Imaging of Primary Brain Tumors and Metastases with Fast Quantitative 3-Dimensional Magnetization Transfer.

Abstract

This study assesses whether magnetization transfer (MT) imaging provides additive information to conventional MRI in brain tumors. MT data of 26 patients with neoplastic and metastatic brain tumors were analyzed at 1.5 T. For the 3 largest tumor groups investigated in this study--glioblastoma multiforme (GBM), meningiomas, and metastases-statistical comparisons were performed. Analyzed MT parameters included the magnetization transfer ratio (MTR) and 4 quantitative MT parameters (qMT): Relaxation times (T1, T2), exchange rate (kf), and macromolecular content (F). Total imaging time of high-resolution whole brain MTR and qMT imaging with balanced steady-state free precession required 9 minutes. Five ROIs were chosen: Contrast-enhancing (T1W-CE), noncontrast-enhancing (T1W-non-CE), proximal hyperintensity (T2W-pSI), distal hyperintensity (T2W-dSI), and a reference (ref). Pathologies showed significant (P < .05) MT changes (MTR and qMT) compared to the reference.

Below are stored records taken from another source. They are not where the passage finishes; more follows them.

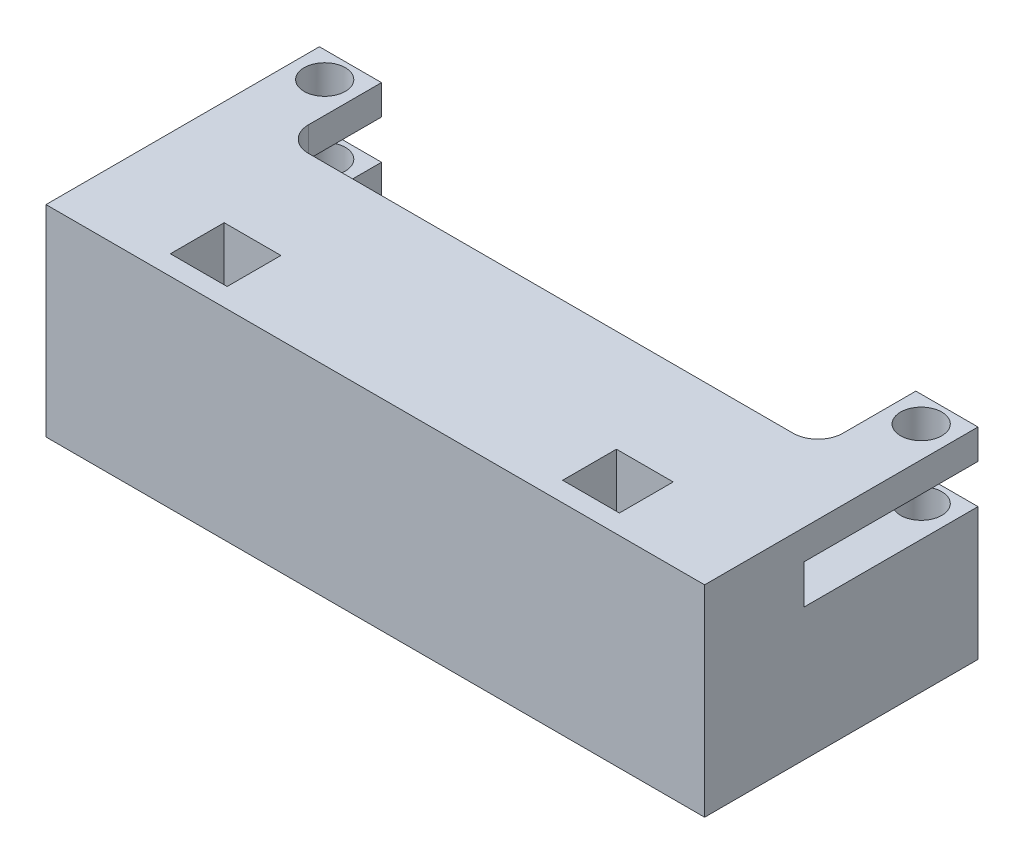
ISO-10303-21;
HEADER;
FILE_DESCRIPTION(('STEP AP214'),'2;1');
FILE_NAME('part.step','',(''),(''),'','','');
FILE_SCHEMA(('AUTOMOTIVE_DESIGN { 1 0 10303 214 1 1 1 1 }'));
ENDSEC;
DATA;
#1=APPLICATION_CONTEXT('core data for automotive mechanical design processes');
#2=APPLICATION_PROTOCOL_DEFINITION('international standard','automotive_design',2000,#1);
#3=PRODUCT_CONTEXT('',#1,'mechanical');
#4=PRODUCT('Part','Part','',(#3));
#5=PRODUCT_RELATED_PRODUCT_CATEGORY('part','',(#4));
#6=PRODUCT_DEFINITION_FORMATION('','',#4);
#7=PRODUCT_DEFINITION_CONTEXT('part definition',#1,'design');
#8=PRODUCT_DEFINITION('design','',#6,#7);
#9=PRODUCT_DEFINITION_SHAPE('','',#8);
#10=(LENGTH_UNIT() NAMED_UNIT(*) SI_UNIT(.MILLI.,.METRE.));
#11=(NAMED_UNIT(*) PLANE_ANGLE_UNIT() SI_UNIT($,.RADIAN.));
#12=(NAMED_UNIT(*) SI_UNIT($,.STERADIAN.) SOLID_ANGLE_UNIT());
#13=UNCERTAINTY_MEASURE_WITH_UNIT(LENGTH_MEASURE(1.E-05),#10,'distance_accuracy_value','');
#14=(GEOMETRIC_REPRESENTATION_CONTEXT(3) GLOBAL_UNCERTAINTY_ASSIGNED_CONTEXT((#13)) GLOBAL_UNIT_ASSIGNED_CONTEXT((#10,
#11,#12)) REPRESENTATION_CONTEXT('',''));
#15=CARTESIAN_POINT('',(0.,0.,0.));
#16=DIRECTION('',(0.,0.,1.));
#17=DIRECTION('',(1.,0.,0.));
#18=AXIS2_PLACEMENT_3D('',#15,#16,#17);
#19=CARTESIAN_POINT('',(33.655,20.574,-13.97));
#20=DIRECTION('',(0.,0.,1.));
#21=DIRECTION('',(1.,0.,0.));
#22=AXIS2_PLACEMENT_3D('',#19,#20,#21);
#23=PLANE('',#22);
#24=DIRECTION('',(-1.,0.,0.));
#25=VECTOR('',#24,1.);
#26=CARTESIAN_POINT('',(33.655,13.526,-13.97));
#27=LINE('',#26,#25);
#28=CARTESIAN_POINT('',(33.655,13.526,-13.97));
#29=VERTEX_POINT('',#28);
#30=CARTESIAN_POINT('',(27.305,13.526,-13.97));
#31=VERTEX_POINT('',#30);
#32=EDGE_CURVE('E411',#29,#31,#27,.T.);
#33=ORIENTED_EDGE('',*,*,#32,.F.);
#34=DIRECTION('',(0.,-1.,0.));
#35=VECTOR('',#34,1.);
#36=CARTESIAN_POINT('',(33.655,20.574,-13.97));
#37=LINE('',#36,#35);
#38=CARTESIAN_POINT('',(33.655,0.,-13.97));
#39=VERTEX_POINT('',#38);
#40=EDGE_CURVE('E447',#29,#39,#37,.T.);
#41=ORIENTED_EDGE('',*,*,#40,.T.);
#42=DIRECTION('',(-1.,0.,0.));
#43=VECTOR('',#42,1.);
#44=CARTESIAN_POINT('',(33.655,0.,-13.97));
#45=LINE('',#44,#43);
#46=CARTESIAN_POINT('',(27.305,0.,-13.97));
#47=VERTEX_POINT('',#46);
#48=EDGE_CURVE('E414',#39,#47,#45,.T.);
#49=ORIENTED_EDGE('',*,*,#48,.T.);
#50=DIRECTION('',(0.,-1.,0.));
#51=VECTOR('',#50,1.);
#52=CARTESIAN_POINT('',(27.305,20.574,-13.97));
#53=LINE('',#52,#51);
#54=EDGE_CURVE('E48',#31,#47,#53,.T.);
#55=ORIENTED_EDGE('',*,*,#54,.F.);
#56=EDGE_LOOP('',(#33,#41,#49,#55));
#57=FACE_BOUND('',#56,.T.);
#58=ADVANCED_FACE('F39',(#57),#23,.F.);
#59=DIRECTION('',(1.,0.,0.));
#60=VECTOR('',#59,1.);
#61=CARTESIAN_POINT('',(33.655,17.526,-13.97));
#62=LINE('',#61,#60);
#63=CARTESIAN_POINT('',(27.305,17.526,-13.97));
#64=VERTEX_POINT('',#63);
#65=CARTESIAN_POINT('',(33.655,17.526,-13.97));
#66=VERTEX_POINT('',#65);
#67=EDGE_CURVE('E390',#64,#66,#62,.T.);
#68=ORIENTED_EDGE('',*,*,#67,.F.);
#69=CARTESIAN_POINT('',(27.305,20.574,-13.97));
#70=VERTEX_POINT('',#69);
#71=EDGE_CURVE('E11',#70,#64,#53,.T.);
#72=ORIENTED_EDGE('',*,*,#71,.F.);
#73=DIRECTION('',(-1.,0.,0.));
#74=VECTOR('',#73,1.);
#75=CARTESIAN_POINT('',(33.655,20.574,-13.97));
#76=LINE('',#75,#74);
#77=CARTESIAN_POINT('',(33.655,20.574,-13.97));
#78=VERTEX_POINT('',#77);
#79=EDGE_CURVE('E415',#78,#70,#76,.T.);
#80=ORIENTED_EDGE('',*,*,#79,.F.);
#81=EDGE_CURVE('E484',#78,#66,#37,.T.);
#82=ORIENTED_EDGE('',*,*,#81,.T.);
#83=EDGE_LOOP('',(#68,#72,#80,#82));
#84=FACE_BOUND('',#83,.T.);
#85=ADVANCED_FACE('F551',(#84),#23,.F.);
#86=CARTESIAN_POINT('',(27.305,20.574,-6.51000000000001));
#87=DIRECTION('',(1.,0.,0.));
#88=DIRECTION('',(0.,0.,-1.));
#89=AXIS2_PLACEMENT_3D('',#86,#87,#88);
#90=PLANE('',#89);
#91=DIRECTION('',(0.,0.,1.));
#92=VECTOR('',#91,1.);
#93=CARTESIAN_POINT('',(27.305,13.526,-6.51000000000001));
#94=LINE('',#93,#92);
#95=CARTESIAN_POINT('',(27.305,13.526,-6.51000000000001));
#96=VERTEX_POINT('',#95);
#97=EDGE_CURVE('E408',#31,#96,#94,.T.);
#98=ORIENTED_EDGE('',*,*,#97,.F.);
#99=ORIENTED_EDGE('',*,*,#54,.T.);
#100=DIRECTION('',(0.,0.,1.));
#101=VECTOR('',#100,1.);
#102=CARTESIAN_POINT('',(27.305,0.,-6.51000000000001));
#103=LINE('',#102,#101);
#104=CARTESIAN_POINT('',(27.305,0.,-6.51000000000001));
#105=VERTEX_POINT('',#104);
#106=EDGE_CURVE('E451',#47,#105,#103,.T.);
#107=ORIENTED_EDGE('',*,*,#106,.T.);
#108=DIRECTION('',(0.,-1.,0.));
#109=VECTOR('',#108,1.);
#110=CARTESIAN_POINT('',(27.305,20.574,-6.51000000000001));
#111=LINE('',#110,#109);
#112=EDGE_CURVE('E521',#96,#105,#111,.T.);
#113=ORIENTED_EDGE('',*,*,#112,.F.);
#114=EDGE_LOOP('',(#98,#99,#107,#113));
#115=FACE_BOUND('',#114,.T.);
#116=ADVANCED_FACE('F601',(#115),#90,.F.);
#117=DIRECTION('',(0.,0.,-1.));
#118=VECTOR('',#117,1.);
#119=CARTESIAN_POINT('',(27.305,17.526,-6.51000000000001));
#120=LINE('',#119,#118);
#121=CARTESIAN_POINT('',(27.305,17.526,-6.51000000000001));
#122=VERTEX_POINT('',#121);
#123=EDGE_CURVE('E387',#122,#64,#120,.T.);
#124=ORIENTED_EDGE('',*,*,#123,.F.);
#125=CARTESIAN_POINT('',(27.305,20.574,-6.51000000000001));
#126=VERTEX_POINT('',#125);
#127=EDGE_CURVE('E522',#126,#122,#111,.T.);
#128=ORIENTED_EDGE('',*,*,#127,.F.);
#129=DIRECTION('',(0.,0.,1.));
#130=VECTOR('',#129,1.);
#131=CARTESIAN_POINT('',(27.305,20.574,-6.51000000000001));
#132=LINE('',#131,#130);
#133=EDGE_CURVE('E419',#70,#126,#132,.T.);
#134=ORIENTED_EDGE('',*,*,#133,.F.);
#135=ORIENTED_EDGE('',*,*,#71,.T.);
#136=EDGE_LOOP('',(#124,#128,#134,#135));
#137=FACE_BOUND('',#136,.T.);
#138=ADVANCED_FACE('F605',(#137),#90,.F.);
#139=CARTESIAN_POINT('',(24.765,20.574,-6.51000000000001));
#140=DIRECTION('',(0.,-1.,0.));
#141=DIRECTION('',(0.,0.,-1.));
#142=AXIS2_PLACEMENT_3D('',#139,#140,#141);
#143=CYLINDRICAL_SURFACE('',#142,2.54);
#144=CARTESIAN_POINT('',(24.765,13.526,-6.51000000000001));
#145=DIRECTION('',(0.,1.,0.));
#146=DIRECTION('',(0.,0.,1.));
#147=AXIS2_PLACEMENT_3D('',#144,#145,#146);
#148=CIRCLE('',#147,2.54);
#149=CARTESIAN_POINT('',(24.765,13.526,-3.97));
#150=VERTEX_POINT('',#149);
#151=EDGE_CURVE('E405',#96,#150,#148,.F.);
#152=ORIENTED_EDGE('',*,*,#151,.F.);
#153=ORIENTED_EDGE('',*,*,#112,.T.);
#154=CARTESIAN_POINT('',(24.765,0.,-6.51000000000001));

The T1W-CE, T1W-non-CE, and T2W-pSI ROIs of GBMs, meningiomas, and metastases showed significant differences in MTR and qMT estimates. Similar MTR with significant different qMT values were observed in several ROIs among different lesions. MT maps (MTR and qMT) indicated changes in tissue appearing unaffected on MRI in most glial tumors. MTR and qMT imaging enables a better differentiation between brain tumors and provides additive information to MRI.